*** Source material Section Begins ***
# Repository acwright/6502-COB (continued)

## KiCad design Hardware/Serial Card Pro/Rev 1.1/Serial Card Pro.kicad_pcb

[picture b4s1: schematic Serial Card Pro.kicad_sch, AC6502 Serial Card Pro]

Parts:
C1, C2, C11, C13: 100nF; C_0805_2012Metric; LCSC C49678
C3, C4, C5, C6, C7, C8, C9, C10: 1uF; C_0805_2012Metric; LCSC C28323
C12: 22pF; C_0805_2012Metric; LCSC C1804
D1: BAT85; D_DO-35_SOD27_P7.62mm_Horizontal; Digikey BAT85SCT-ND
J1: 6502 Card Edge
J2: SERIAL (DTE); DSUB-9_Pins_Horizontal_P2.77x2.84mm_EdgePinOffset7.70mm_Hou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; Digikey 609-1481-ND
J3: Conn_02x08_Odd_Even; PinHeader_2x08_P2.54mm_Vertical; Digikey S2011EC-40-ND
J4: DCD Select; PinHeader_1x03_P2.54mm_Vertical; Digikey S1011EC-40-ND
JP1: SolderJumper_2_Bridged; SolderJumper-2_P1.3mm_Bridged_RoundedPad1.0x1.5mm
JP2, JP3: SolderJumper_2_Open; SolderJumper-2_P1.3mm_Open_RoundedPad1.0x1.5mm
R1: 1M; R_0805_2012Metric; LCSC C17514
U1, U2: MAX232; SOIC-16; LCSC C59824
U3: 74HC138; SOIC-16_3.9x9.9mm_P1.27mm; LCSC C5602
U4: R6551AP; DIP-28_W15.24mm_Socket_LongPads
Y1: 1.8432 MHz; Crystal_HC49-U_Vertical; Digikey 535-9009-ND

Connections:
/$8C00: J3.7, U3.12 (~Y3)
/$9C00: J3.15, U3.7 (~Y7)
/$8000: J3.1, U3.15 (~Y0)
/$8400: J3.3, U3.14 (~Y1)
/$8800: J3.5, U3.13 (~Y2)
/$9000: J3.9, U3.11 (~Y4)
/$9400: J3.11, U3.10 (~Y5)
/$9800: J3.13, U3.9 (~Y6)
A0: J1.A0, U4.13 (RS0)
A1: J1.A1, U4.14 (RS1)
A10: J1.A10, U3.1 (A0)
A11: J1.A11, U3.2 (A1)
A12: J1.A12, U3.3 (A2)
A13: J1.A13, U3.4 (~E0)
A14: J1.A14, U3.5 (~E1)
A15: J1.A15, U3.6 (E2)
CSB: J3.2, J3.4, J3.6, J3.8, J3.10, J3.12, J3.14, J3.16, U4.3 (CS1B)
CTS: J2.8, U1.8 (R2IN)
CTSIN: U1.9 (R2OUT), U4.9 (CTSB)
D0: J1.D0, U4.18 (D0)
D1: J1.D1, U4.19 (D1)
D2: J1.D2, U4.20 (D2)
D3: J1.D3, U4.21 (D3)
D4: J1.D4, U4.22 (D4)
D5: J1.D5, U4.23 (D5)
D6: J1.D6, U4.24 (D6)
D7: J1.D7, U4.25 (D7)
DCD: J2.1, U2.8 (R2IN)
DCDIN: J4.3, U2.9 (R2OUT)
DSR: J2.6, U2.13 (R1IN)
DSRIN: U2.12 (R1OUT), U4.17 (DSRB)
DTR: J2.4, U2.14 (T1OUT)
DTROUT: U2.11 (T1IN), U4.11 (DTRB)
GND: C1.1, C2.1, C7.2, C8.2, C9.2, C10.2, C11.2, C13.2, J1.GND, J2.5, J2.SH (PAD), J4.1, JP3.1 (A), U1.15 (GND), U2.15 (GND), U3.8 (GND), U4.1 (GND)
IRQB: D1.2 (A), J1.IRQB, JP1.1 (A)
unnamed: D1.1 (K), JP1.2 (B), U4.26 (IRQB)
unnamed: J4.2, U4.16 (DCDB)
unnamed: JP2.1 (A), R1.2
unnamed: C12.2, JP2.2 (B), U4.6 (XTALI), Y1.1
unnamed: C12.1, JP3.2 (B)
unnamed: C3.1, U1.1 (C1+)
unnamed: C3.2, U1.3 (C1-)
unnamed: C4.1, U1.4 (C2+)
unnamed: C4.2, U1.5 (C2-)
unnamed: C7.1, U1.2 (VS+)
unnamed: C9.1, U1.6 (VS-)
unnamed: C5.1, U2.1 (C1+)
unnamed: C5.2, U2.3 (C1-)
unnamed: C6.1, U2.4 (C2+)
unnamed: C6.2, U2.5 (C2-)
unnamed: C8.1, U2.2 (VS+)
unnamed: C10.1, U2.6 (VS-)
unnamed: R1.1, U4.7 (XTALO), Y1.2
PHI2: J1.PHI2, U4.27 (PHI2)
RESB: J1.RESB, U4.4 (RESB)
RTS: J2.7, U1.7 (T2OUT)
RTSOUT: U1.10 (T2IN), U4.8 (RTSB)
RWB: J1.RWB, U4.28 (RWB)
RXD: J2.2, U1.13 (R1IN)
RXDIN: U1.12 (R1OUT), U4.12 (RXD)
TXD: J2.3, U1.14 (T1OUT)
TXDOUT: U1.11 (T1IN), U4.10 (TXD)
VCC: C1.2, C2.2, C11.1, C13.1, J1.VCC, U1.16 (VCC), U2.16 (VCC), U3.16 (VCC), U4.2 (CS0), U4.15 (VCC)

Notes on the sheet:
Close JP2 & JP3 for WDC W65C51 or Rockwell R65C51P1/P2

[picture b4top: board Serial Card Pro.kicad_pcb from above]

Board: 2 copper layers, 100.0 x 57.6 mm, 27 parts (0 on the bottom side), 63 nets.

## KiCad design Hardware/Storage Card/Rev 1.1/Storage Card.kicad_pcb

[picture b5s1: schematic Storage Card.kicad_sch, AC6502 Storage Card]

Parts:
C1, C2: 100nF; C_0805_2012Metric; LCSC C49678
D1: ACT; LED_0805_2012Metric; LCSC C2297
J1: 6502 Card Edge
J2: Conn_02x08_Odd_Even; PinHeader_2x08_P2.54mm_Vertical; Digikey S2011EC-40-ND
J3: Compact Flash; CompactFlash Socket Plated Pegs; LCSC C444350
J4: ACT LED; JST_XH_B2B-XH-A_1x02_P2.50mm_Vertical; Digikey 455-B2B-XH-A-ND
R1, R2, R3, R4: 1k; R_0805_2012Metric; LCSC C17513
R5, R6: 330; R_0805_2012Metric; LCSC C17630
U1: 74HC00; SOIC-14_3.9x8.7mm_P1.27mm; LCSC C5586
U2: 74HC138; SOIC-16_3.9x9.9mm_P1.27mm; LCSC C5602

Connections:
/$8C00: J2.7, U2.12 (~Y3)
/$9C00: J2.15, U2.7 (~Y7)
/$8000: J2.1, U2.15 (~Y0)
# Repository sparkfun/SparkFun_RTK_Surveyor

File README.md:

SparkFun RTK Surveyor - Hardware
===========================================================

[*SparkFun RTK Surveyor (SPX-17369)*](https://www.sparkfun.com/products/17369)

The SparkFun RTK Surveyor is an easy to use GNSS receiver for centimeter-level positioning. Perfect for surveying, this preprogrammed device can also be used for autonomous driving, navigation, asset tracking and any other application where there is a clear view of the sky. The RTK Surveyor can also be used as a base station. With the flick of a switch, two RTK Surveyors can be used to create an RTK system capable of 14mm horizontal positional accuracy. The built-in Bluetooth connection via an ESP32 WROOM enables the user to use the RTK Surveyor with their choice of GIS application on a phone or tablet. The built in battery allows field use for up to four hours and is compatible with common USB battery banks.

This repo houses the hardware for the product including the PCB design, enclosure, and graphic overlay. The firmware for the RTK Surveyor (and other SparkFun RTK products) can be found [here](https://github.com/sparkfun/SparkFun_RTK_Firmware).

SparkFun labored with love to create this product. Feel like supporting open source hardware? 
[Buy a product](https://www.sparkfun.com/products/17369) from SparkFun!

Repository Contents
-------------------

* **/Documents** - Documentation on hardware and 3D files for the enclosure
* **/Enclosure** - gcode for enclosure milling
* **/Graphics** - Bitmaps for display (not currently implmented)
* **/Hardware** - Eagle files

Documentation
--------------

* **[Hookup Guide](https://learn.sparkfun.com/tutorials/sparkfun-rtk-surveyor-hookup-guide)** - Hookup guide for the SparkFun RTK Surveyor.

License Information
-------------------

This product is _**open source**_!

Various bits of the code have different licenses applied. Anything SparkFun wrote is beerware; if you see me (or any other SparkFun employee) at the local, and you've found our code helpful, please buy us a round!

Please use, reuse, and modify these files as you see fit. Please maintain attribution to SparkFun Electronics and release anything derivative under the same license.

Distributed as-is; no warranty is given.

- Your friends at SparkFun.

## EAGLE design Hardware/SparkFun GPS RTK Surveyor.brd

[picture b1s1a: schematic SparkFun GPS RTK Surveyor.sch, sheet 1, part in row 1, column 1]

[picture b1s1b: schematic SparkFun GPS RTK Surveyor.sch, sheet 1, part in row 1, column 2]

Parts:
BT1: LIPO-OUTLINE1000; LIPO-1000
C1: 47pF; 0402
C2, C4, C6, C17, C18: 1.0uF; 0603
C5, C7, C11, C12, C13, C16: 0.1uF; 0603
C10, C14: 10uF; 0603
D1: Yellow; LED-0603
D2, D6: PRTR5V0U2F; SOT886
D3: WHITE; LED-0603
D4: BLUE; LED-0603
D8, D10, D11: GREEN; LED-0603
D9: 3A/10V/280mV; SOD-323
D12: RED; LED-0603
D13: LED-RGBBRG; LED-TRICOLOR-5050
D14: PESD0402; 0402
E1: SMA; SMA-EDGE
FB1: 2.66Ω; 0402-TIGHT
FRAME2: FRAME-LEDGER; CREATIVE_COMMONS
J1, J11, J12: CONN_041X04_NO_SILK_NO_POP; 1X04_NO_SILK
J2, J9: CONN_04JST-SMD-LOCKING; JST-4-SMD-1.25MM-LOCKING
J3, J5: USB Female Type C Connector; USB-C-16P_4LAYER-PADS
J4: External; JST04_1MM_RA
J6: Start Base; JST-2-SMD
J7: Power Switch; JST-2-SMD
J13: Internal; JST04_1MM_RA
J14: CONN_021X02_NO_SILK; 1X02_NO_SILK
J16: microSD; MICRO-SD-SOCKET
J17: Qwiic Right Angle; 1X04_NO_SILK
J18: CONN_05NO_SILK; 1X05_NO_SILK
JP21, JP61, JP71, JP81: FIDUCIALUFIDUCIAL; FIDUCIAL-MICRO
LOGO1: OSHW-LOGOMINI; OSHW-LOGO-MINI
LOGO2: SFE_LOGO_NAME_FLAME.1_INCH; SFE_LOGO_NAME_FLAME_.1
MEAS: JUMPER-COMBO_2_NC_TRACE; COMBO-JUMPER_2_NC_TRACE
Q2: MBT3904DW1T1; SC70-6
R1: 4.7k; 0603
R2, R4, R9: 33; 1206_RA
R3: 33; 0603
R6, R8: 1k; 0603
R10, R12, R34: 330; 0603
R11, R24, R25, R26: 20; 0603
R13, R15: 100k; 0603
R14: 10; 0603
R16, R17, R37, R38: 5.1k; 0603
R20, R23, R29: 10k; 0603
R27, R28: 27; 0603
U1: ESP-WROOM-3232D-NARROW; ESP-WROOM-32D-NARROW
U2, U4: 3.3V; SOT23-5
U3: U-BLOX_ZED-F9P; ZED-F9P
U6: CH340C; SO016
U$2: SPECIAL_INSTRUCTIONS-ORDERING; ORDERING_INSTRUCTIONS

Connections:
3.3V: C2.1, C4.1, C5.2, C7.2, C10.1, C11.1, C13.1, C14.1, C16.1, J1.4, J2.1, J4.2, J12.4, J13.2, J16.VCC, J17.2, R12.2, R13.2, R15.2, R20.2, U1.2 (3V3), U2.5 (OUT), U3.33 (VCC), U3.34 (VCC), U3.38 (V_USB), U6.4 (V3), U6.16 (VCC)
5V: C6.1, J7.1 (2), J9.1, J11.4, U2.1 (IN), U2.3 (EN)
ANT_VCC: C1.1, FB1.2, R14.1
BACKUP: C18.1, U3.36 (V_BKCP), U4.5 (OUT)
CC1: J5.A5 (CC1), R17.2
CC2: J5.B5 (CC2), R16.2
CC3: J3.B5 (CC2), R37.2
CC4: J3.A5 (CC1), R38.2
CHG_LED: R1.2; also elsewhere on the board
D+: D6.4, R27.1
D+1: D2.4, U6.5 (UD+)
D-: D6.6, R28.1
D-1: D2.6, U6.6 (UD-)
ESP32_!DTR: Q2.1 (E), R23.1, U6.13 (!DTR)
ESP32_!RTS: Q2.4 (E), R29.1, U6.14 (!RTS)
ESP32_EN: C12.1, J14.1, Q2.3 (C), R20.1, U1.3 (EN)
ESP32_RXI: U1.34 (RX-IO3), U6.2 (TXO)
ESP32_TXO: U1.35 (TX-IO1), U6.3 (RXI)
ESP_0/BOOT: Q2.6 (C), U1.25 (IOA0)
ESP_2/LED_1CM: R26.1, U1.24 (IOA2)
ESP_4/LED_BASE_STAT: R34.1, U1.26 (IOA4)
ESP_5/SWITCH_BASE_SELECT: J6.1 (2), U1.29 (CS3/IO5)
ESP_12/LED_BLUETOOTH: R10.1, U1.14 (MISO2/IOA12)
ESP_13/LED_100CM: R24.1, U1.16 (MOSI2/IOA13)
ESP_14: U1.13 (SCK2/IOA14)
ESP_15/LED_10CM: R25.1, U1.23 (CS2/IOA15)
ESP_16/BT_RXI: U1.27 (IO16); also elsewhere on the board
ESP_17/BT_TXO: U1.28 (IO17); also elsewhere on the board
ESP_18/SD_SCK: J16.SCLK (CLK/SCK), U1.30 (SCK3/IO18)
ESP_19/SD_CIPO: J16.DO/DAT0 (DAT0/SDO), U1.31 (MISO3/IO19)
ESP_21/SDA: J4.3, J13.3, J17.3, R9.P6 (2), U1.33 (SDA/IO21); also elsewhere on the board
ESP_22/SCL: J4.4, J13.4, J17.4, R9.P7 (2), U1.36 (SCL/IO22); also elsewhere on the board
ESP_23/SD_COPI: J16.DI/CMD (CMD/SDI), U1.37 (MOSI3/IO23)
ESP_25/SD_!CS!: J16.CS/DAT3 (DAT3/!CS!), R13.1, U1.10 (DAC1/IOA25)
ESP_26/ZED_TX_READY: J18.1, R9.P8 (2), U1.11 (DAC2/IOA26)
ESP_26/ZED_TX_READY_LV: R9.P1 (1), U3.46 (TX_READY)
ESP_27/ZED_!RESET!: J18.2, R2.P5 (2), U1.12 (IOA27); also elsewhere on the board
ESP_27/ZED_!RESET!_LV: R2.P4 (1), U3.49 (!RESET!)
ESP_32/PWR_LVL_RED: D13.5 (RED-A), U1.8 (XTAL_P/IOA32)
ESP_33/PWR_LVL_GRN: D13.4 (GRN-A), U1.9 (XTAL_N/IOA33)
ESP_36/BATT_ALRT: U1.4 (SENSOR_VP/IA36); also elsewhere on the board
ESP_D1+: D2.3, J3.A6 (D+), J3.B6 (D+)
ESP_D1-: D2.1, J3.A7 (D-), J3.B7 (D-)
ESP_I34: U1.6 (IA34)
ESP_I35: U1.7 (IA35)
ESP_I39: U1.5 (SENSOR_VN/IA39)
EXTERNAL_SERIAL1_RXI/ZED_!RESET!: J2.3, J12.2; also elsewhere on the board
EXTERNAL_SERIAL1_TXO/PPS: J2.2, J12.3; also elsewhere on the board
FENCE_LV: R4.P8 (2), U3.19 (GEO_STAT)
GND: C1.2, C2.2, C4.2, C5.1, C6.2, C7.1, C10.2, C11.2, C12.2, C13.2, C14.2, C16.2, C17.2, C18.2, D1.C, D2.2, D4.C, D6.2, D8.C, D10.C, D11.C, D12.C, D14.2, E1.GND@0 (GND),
*** Source material Section Ends ***
> **Activity**: Your job is to print exactly the lines that run from the top of the entries through the line with "U3: 74HC138; SOIC-16_3.9x9.9mm_P1.27mm;", and no others.

> **Response area**:
# Repository acwright/6502-COB (continued)

## KiCad design Hardware/Serial Card Pro/Rev 1.1/Serial Card Pro.kicad_pcb

[picture b4s1: schematic Serial Card Pro.kicad_sch, AC6502 Serial Card Pro]

Parts:
C1, C2, C11, C13: 100nF; C_0805_2012Metric; LCSC C49678
C3, C4, C5, C6, C7, C8, C9, C10: 1uF; C_0805_2012Metric; LCSC C28323
C12: 22pF; C_0805_2012Metric; LCSC C1804
D1: BAT85; D_DO-35_SOD27_P7.62mm_Horizontal; Digikey BAT85SCT-ND
J1: 6502 Card Edge
J2: SERIAL (DTE); DSUB-9_Pins_Horizontal_P2.77x2.84mm_EdgePinOffset7.70mm_Hou; Digikey 609-1481-ND
J3: Conn_02x08_Odd_Even; PinHeader_2x08_P2.54mm_Vertical; Digikey S2011EC-40-ND
J4: DCD Select; PinHeader_1x03_P2.54mm_Vertical; Digikey S1011EC-40-ND
JP1: SolderJumper_2_Bridged; SolderJumper-2_P1.3mm_Bridged_RoundedPad1.0x1.5mm
JP2, JP3: SolderJumper_2_Open; SolderJumper-2_P1.3mm_Open_RoundedPad1.0x1.5mm
R1: 1M; R_0805_2012Metric; LCSC C17514
U1, U2: MAX232; SOIC-16; LCSC C59824
U3: 74HC138; SOIC-16_3.9x9.9mm_P1.27mm; LCSC C5602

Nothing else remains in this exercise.